Omit every picture while you reproduce the entries that follow word for word.

## Records for the exercise
>>>
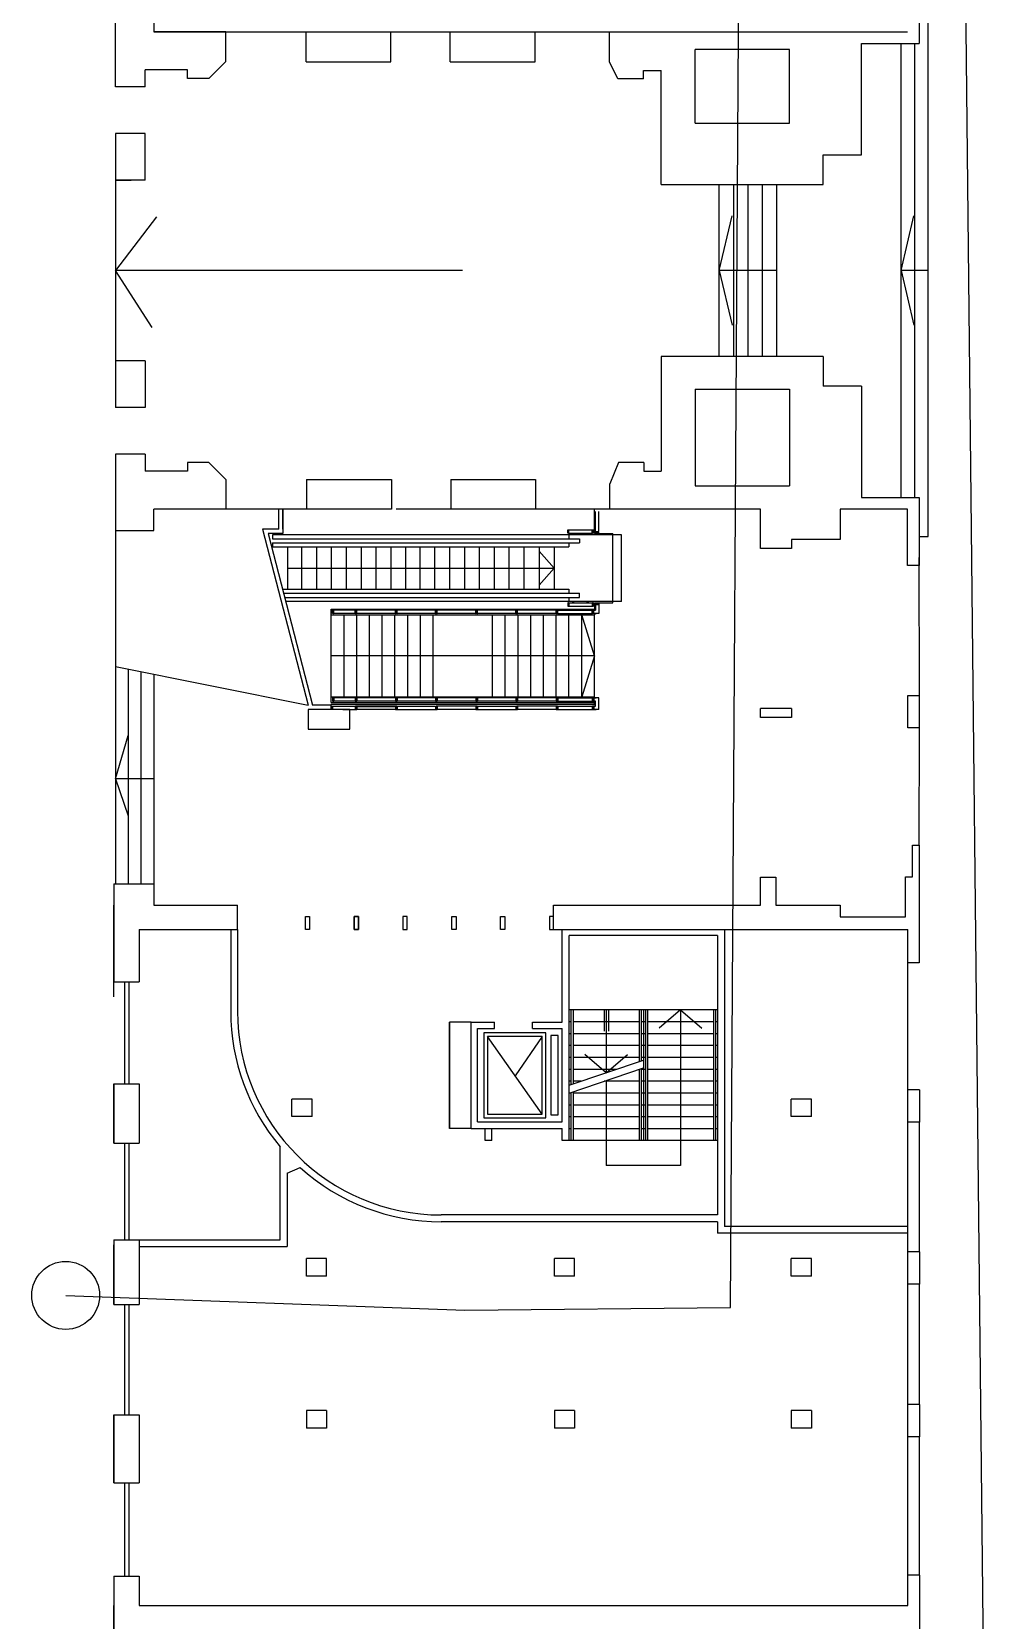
# Model space of a CAD drawing. Header units: metres. Extents: x -115 to 125, y -166 to 0.
# Drawn here: x -16.05 to 6.49, y -104.74 to -67.32 of the extents above; entities that cross this region are included whole.
import ezdxf

# ---------------------------------------------------------------- set-up
doc = ezdxf.new("R2010")
doc.units = ezdxf.units.M
for name, color, linetype in [('02', 2, 'CONTINUOUS'), ('A-CARP', 4, 'CONTINUOUS'), ('ADIF', 150, 'CONTINUOUS'), ('BOCAS_OSM', 30, 'Continuous'), ('CARPINTERIA', 2, 'CONTINUOUS'), ('EDIFICIOS', 4, 'CONTINUOUS'), ('ESCALERA', 4, 'CONTINUOUS'), ('HORM', 3, 'CONTINUOUS'), ('LINE_02', 2, 'CONTINUOUS'), ('MUROS-NUEVOS', 3, 'CONTINUOUS'), ('MUROS1', 12, 'CONTINUOUS'), ('PASILLO_OSM', 30, 'Continuous')]:
    doc.layers.add(name, color=color, linetype=linetype)

msp = doc.modelspace()

# ---------------------------------------------------------------- linework, layer by layer
at = {"layer": '02', "color": 8}
for p, q in [((-10.23, -79.036), (-10.23, -78.566)), ((-14.075, -79.066), (-14.075, -81.766)), ((-14.075, -79.066), (-14.075, -82.266)), ((-10.23, -79.036), (-10.609, -79.036)), ((-10.609, -79.036), (-9.536, -83.184)), ((-10.48, -79.136), (-9.433, -83.184)), ((-14.075, -82.266), (-9.536, -83.184)), ((-8.999, -83.184), (-9.433, -83.184))]:
    msp.add_line(p, q, dxfattribs=at)
at = {"layer": 'A-CARP', "color": 8}
for points in [[(-9.601, -88.463), (-9.601, -88.163), (-9.501, -88.163), (-9.501, -88.463)], [(-8.351, -88.463), (-8.351, -88.163), (-8.451, -88.163), (-8.451, -88.463)], [(-8.451, -88.463), (-8.451, -88.163), (-8.351, -88.163), (-8.351, -88.463)], [(-7.201, -88.463), (-7.201, -88.163), (-7.301, -88.163), (-7.301, -88.463)], [(-6.151, -88.463), (-6.151, -88.163), (-6.051, -88.163), (-6.051, -88.463)], [(-5.001, -88.463), (-5.001, -88.163), (-4.901, -88.163), (-4.901, -88.463)], [(-3.751, -88.463), (-3.751, -88.163), (-3.851, -88.163), (-3.851, -88.463)]]:
    msp.add_lwpolyline(points, close=True, dxfattribs=at)
at = {"layer": 'ADIF', "color": 8}
msp.add_line((5.445, -18.326), (6.482, -115.976), dxfattribs=at)
at = {"layer": 'BOCAS_OSM'}
msp.add_circle((-15.249, -97.086), 0.8, dxfattribs=at)
at = {"layer": 'CARPINTERIA', "color": 8}
for p, q in [((-13.864, -89.698), (-13.864, -92.098)), ((-13.764, -89.698), (-13.764, -92.098)), ((-13.864, -93.498), (-13.864, -95.773)), ((-13.764, -93.498), (-13.764, -95.773)), ((-13.864, -97.298), (-13.864, -99.898)), ((-13.764, -97.298), (-13.764, -99.898)), ((-13.864, -101.498), (-13.864, -103.698)), ((-13.764, -101.498), (-13.764, -103.698))]:
    msp.add_line(p, q, dxfattribs=at)
at = {"layer": 'EDIFICIOS', "color": 8}
for p, q in [((4.862, -65.989), (4.862, -67.593)), ((-14.075, -68.616), (-14.075, -66.816)), ((-13.175, -66.816), (-13.175, -67.316)), ((-13.175, -67.316), (4.588, -67.316)), ((-11.475, -67.316), (-13.175, -67.316)), ((-11.475, -67.316), (-13.175, -67.316)), ((-11.475, -68.016), (-11.475, -67.316)), ((-9.586, -68.028), (-9.586, -67.328)), ((-7.586, -68.028), (-7.586, -67.328)), ((-6.186, -68.028), (-6.186, -67.328)), ((-4.186, -68.028), (-4.186, -67.328)), ((-4.186, -68.028), (-4.186, -67.328)), ((-2.436, -68.028), (-2.436, -67.328)), ((3.501, -67.593), (4.862, -67.593)), ((3.501, -70.216), (3.501, -67.593)), ((-11.875, -68.416), (-11.475, -68.016)), ((-9.586, -68.028), (-7.586, -68.028)), ((-6.186, -68.028), (-4.186, -68.028)), ((-2.236, -68.428), (-2.436, -68.028)), ((1.807, -67.735), (-0.416, -67.735)), ((-0.416, -69.466), (-0.416, -67.735)), ((1.807, -69.466), (1.807, -67.735)), ((-13.375, -68.616), (-13.375, -68.216)), ((-12.375, -68.216), (-13.375, -68.216)), ((-12.375, -68.416), (-12.375, -68.216)), ((-11.875, -68.416), (-12.375, -68.416)), ((-11.875, -68.416), (-12.375, -68.416)), ((-1.636, -68.428), (-2.236, -68.428)), ((-1.636, -68.228), (-1.216, -68.228)), ((-1.636, -68.428), (-1.636, -68.228)), ((-1.216, -68.33), (-1.216, -68.228)), ((-1.216, -70.916), (-1.216, -68.228)), ((-13.375, -68.616), (-14.075, -68.616)), ((-0.416, -69.466), (1.807, -69.466)), ((-13.375, -69.716), (-14.075, -69.716)), ((-14.075, -69.716), (-14.075, -70.816)), ((-13.375, -70.816), (-13.375, -69.716)), ((2.601, -70.916), (2.601, -70.216)), ((2.601, -70.216), (3.501, -70.216)), ((-14.075, -70.816), (-13.709, -70.816)), ((-13.375, -70.816), (-14.075, -70.816)), ((-1.216, -70.916), (2.601, -70.916)), ((-13.375, -75.066), (-14.075, -75.066)), ((-14.075, -75.066), (-14.075, -76.166)), ((-13.375, -75.066), (-13.375, -76.166)), ((-1.216, -74.966), (-1.216, -77.666)), ((2.602, -74.966), (-1.216, -74.966)), ((2.602, -74.966), (2.602, -75.666)), ((-0.416, -75.734), (-0.416, -78.016)), ((-0.416, -75.734), (1.807, -75.734)), ((1.807, -75.734), (1.807, -78.016)), ((3.502, -75.666), (2.602, -75.666)), ((3.502, -75.666), (3.502, -78.289)), ((-13.375, -76.166), (-14.075, -76.166)), ((-14.075, -77.266), (-14.075, -78.566)), ((-13.375, -77.266), (-14.075, -77.266)), ((-14.075, -77.266), (-14.075, -79.066)), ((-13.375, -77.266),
<<<
## Result below
# Model space of a CAD drawing. Header units: metres. Extents: x -115 to 125, y -166 to 0.
# Drawn here: x -16.05 to 6.49, y -104.74 to -67.32 of the extents above; entities that cross this region are included whole.
import ezdxf

# ---------------------------------------------------------------- set-up
doc = ezdxf.new("R2010")
doc.units = ezdxf.units.M
for name, color, linetype in [('02', 2, 'CONTINUOUS'), ('A-CARP', 4, 'CONTINUOUS'), ('ADIF', 150, 'CONTINUOUS'), ('BOCAS_OSM', 30, 'Continuous'), ('CARPINTERIA', 2, 'CONTINUOUS'), ('EDIFICIOS', 4, 'CONTINUOUS'), ('ESCALERA', 4, 'CONTINUOUS'), ('HORM', 3, 'CONTINUOUS'), ('LINE_02', 2, 'CONTINUOUS'), ('MUROS-NUEVOS', 3, 'CONTINUOUS'), ('MUROS1', 12, 'CONTINUOUS'), ('PASILLO_OSM', 30, 'Continuous')]:
    doc.layers.add(name, color=color, linetype=linetype)

msp = doc.modelspace()

# ---------------------------------------------------------------- linework, layer by layer
at = {"layer": '02', "color": 8}
for p, q in [((-10.23, -79.036), (-10.23, -78.566)), ((-14.075, -79.066), (-14.075, -81.766)), ((-14.075, -79.066), (-14.075, -82.266)), ((-10.23, -79.036), (-10.609, -79.036)), ((-10.609, -79.036), (-9.536, -83.184)), ((-10.48, -79.136), (-9.433, -83.184)), ((-14.075, -82.266), (-9.536, -83.184)), ((-8.999, -83.184), (-9.433, -83.184))]:
    msp.add_line(p, q, dxfattribs=at)
at = {"layer": 'A-CARP', "color": 8}
for points in [[(-9.601, -88.463), (-9.601, -88.163), (-9.501, -88.163), (-9.501, -88.463)], [(-8.351, -88.463), (-8.351, -88.163), (-8.451, -88.163), (-8.451, -88.463)], [(-8.451, -88.463), (-8.451, -88.163), (-8.351, -88.163), (-8.351, -88.463)], [(-7.201, -88.463), (-7.201, -88.163), (-7.301, -88.163), (-7.301, -88.463)], [(-6.151, -88.463), (-6.151, -88.163), (-6.051, -88.163), (-6.051, -88.463)], [(-5.001, -88.463), (-5.001, -88.163), (-4.901, -88.163), (-4.901, -88.463)], [(-3.751, -88.463), (-3.751, -88.163), (-3.851, -88.163), (-3.851, -88.463)]]:
    msp.add_lwpolyline(points, close=True, dxfattribs=at)
at = {"layer": 'ADIF', "color": 8}
msp.add_line((5.445, -18.326), (6.482, -115.976), dxfattribs=at)
at = {"layer": 'BOCAS_OSM'}
msp.add_circle((-15.249, -97.086), 0.8, dxfattribs=at)
at = {"layer": 'CARPINTERIA', "color": 8}
for p, q in [((-13.864, -89.698), (-13.864, -92.098)), ((-13.764, -89.698), (-13.764, -92.098)), ((-13.864, -93.498), (-13.864, -95.773)), ((-13.764, -93.498), (-13.764, -95.773)), ((-13.864, -97.298), (-13.864, -99.898)), ((-13.764, -97.298), (-13.764, -99.898)), ((-13.864, -101.498), (-13.864, -103.698)), ((-13.764, -101.498), (-13.764, -103.698))]:
    msp.add_line(p, q, dxfattribs=at)
at = {"layer": 'EDIFICIOS', "color": 8}
for p, q in [((4.862, -65.989), (4.862, -67.593)), ((-14.075, -68.616), (-14.075, -66.816)), ((-13.175, -66.816), (-13.175, -67.316)), ((-13.175, -67.316), (4.588, -67.316)), ((-11.475, -67.316), (-13.175, -67.316)), ((-11.475, -67.316), (-13.175, -67.316)), ((-11.475, -68.016), (-11.475, -67.316)), ((-9.586, -68.028), (-9.586, -67.328)), ((-7.586, -68.028), (-7.586, -67.328)), ((-6.186, -68.028), (-6.186, -67.328)), ((-4.186, -68.028), (-4.186, -67.328)), ((-4.186, -68.028), (-4.186, -67.328)), ((-2.436, -68.028), (-2.436, -67.328)), ((3.501, -67.593), (4.862, -67.593)), ((3.501, -70.216), (3.501, -67.593)), ((-11.875, -68.416), (-11.475, -68.016)), ((-9.586, -68.028), (-7.586, -68.028)), ((-6.186, -68.028), (-4.186, -68.028)), ((-2.236, -68.428), (-2.436, -68.028)), ((1.807, -67.735), (-0.416, -67.735)), ((-0.416, -69.466), (-0.416, -67.735)), ((1.807, -69.466), (1.807, -67.735)), ((-13.375, -68.616), (-13.375, -68.216)), ((-12.375, -68.216), (-13.375, -68.216)), ((-12.375, -68.416), (-12.375, -68.216)), ((-11.875, -68.416), (-12.375, -68.416)), ((-11.875, -68.416), (-12.375, -68.416)), ((-1.636, -68.428), (-2.236, -68.428)), ((-1.636, -68.228), (-1.216, -68.228)), ((-1.636, -68.428), (-1.636, -68.228)), ((-1.216, -68.33), (-1.216, -68.228)), ((-1.216, -70.916), (-1.216, -68.228)), ((-13.375, -68.616), (-14.075, -68.616)), ((-0.416, -69.466), (1.807, -69.466)), ((-13.375, -69.716), (-14.075, -69.716)), ((-14.075, -69.716), (-14.075, -70.816)), ((-13.375, -70.816), (-13.375, -69.716)), ((2.601, -70.916), (2.601, -70.216)), ((2.601, -70.216), (3.501, -70.216)), ((-14.075, -70.816), (-13.709, -70.816)), ((-13.375, -70.816), (-14.075, -70.816)), ((-1.216, -70.916), (2.601, -70.916)), ((-13.375, -75.066), (-14.075, -75.066)), ((-14.075, -75.066), (-14.075, -76.166)), ((-13.375, -75.066), (-13.375, -76.166)), ((-1.216, -74.966), (-1.216, -77.666)), ((2.602, -74.966), (-1.216, -74.966)), ((2.602, -74.966), (2.602, -75.666)), ((-0.416, -75.734), (-0.416, -78.016)), ((-0.416, -75.734), (1.807, -75.734)), ((1.807, -75.734), (1.807, -78.016)), ((3.502, -75.666), (2.602, -75.666)), ((3.502, -75.666), (3.502, -78.289)), ((-13.375, -76.166), (-14.075, -76.166)), ((-14.075, -77.266), (-14.075, -78.566)), ((-13.375, -77.266), (-14.075, -77.266)), ((-14.075, -77.266), (-14.075, -79.066)), ((-13.375, -77.266),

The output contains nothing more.